(Stored records)
+++
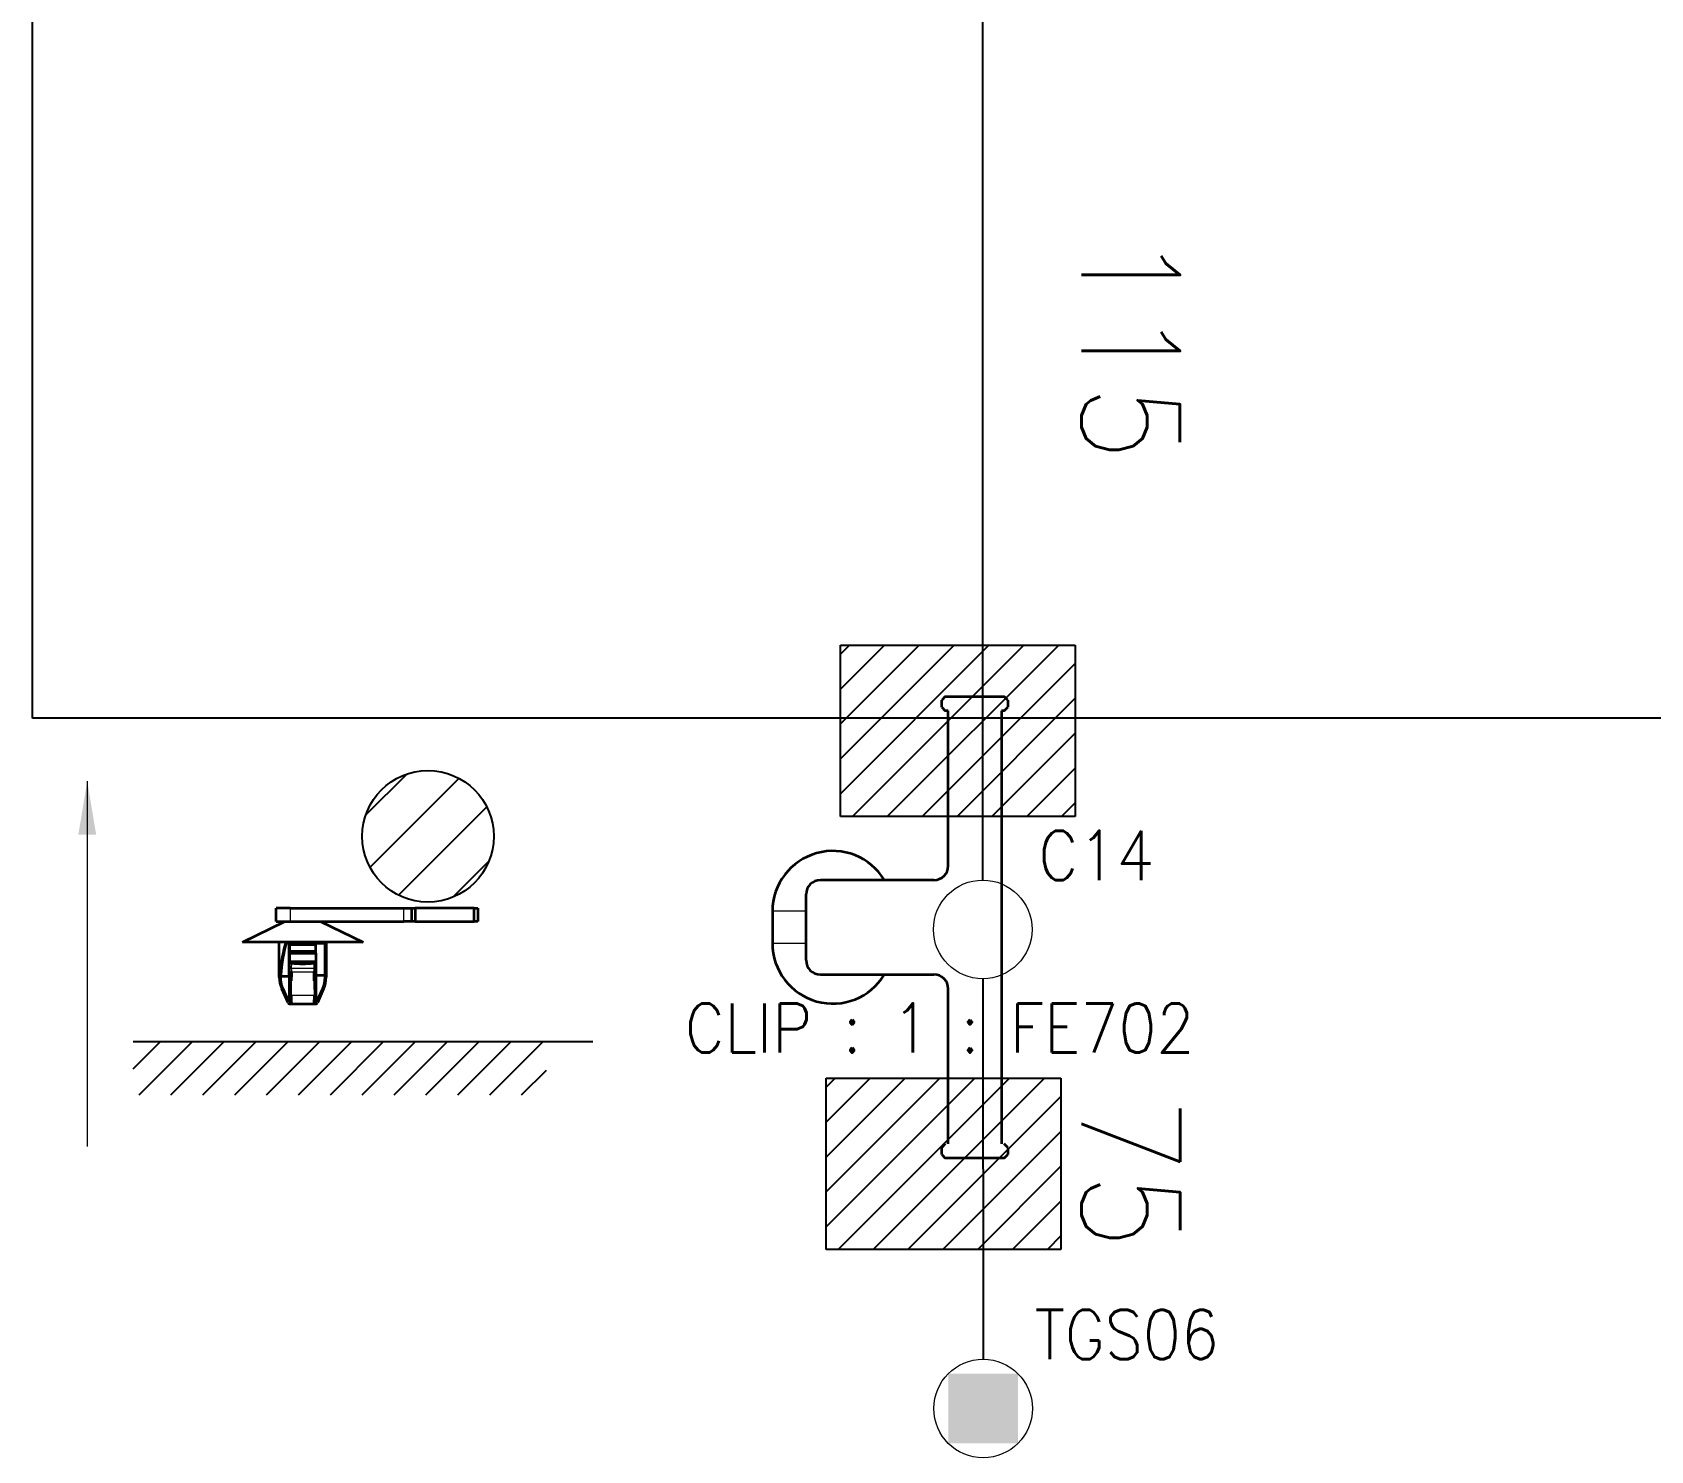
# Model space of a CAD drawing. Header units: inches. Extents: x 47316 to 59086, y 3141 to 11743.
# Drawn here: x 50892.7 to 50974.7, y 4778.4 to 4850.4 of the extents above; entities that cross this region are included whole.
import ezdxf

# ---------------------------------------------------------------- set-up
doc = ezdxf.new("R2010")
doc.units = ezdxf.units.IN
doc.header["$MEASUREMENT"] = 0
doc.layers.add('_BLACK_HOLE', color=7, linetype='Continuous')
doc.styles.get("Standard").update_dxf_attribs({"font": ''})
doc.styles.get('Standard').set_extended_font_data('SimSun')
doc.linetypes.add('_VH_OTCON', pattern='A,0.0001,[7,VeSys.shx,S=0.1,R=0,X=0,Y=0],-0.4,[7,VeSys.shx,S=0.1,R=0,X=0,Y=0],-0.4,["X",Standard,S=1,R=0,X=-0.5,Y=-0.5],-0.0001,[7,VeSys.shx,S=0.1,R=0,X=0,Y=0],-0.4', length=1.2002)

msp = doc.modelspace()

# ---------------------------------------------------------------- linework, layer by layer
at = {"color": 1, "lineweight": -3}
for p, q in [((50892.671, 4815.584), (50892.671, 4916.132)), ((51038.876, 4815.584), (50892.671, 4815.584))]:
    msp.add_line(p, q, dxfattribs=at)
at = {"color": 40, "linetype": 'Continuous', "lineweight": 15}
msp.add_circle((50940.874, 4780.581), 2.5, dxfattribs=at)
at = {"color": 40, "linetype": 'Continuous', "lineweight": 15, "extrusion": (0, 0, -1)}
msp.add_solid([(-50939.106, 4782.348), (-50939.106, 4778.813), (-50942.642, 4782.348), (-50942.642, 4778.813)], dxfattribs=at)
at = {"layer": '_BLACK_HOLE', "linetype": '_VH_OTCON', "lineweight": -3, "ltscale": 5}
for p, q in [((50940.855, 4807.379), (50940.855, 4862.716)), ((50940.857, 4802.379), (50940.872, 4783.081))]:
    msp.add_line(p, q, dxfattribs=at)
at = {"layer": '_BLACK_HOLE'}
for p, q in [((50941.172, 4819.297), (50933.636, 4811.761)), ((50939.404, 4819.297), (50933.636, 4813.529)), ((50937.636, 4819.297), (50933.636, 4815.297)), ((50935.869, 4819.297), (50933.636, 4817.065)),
+++
Search the data above for the word "ezdxf", then gather each line in which it appears.

import ezdxf
doc = ezdxf.new("R2010")
doc.units = ezdxf.units.IN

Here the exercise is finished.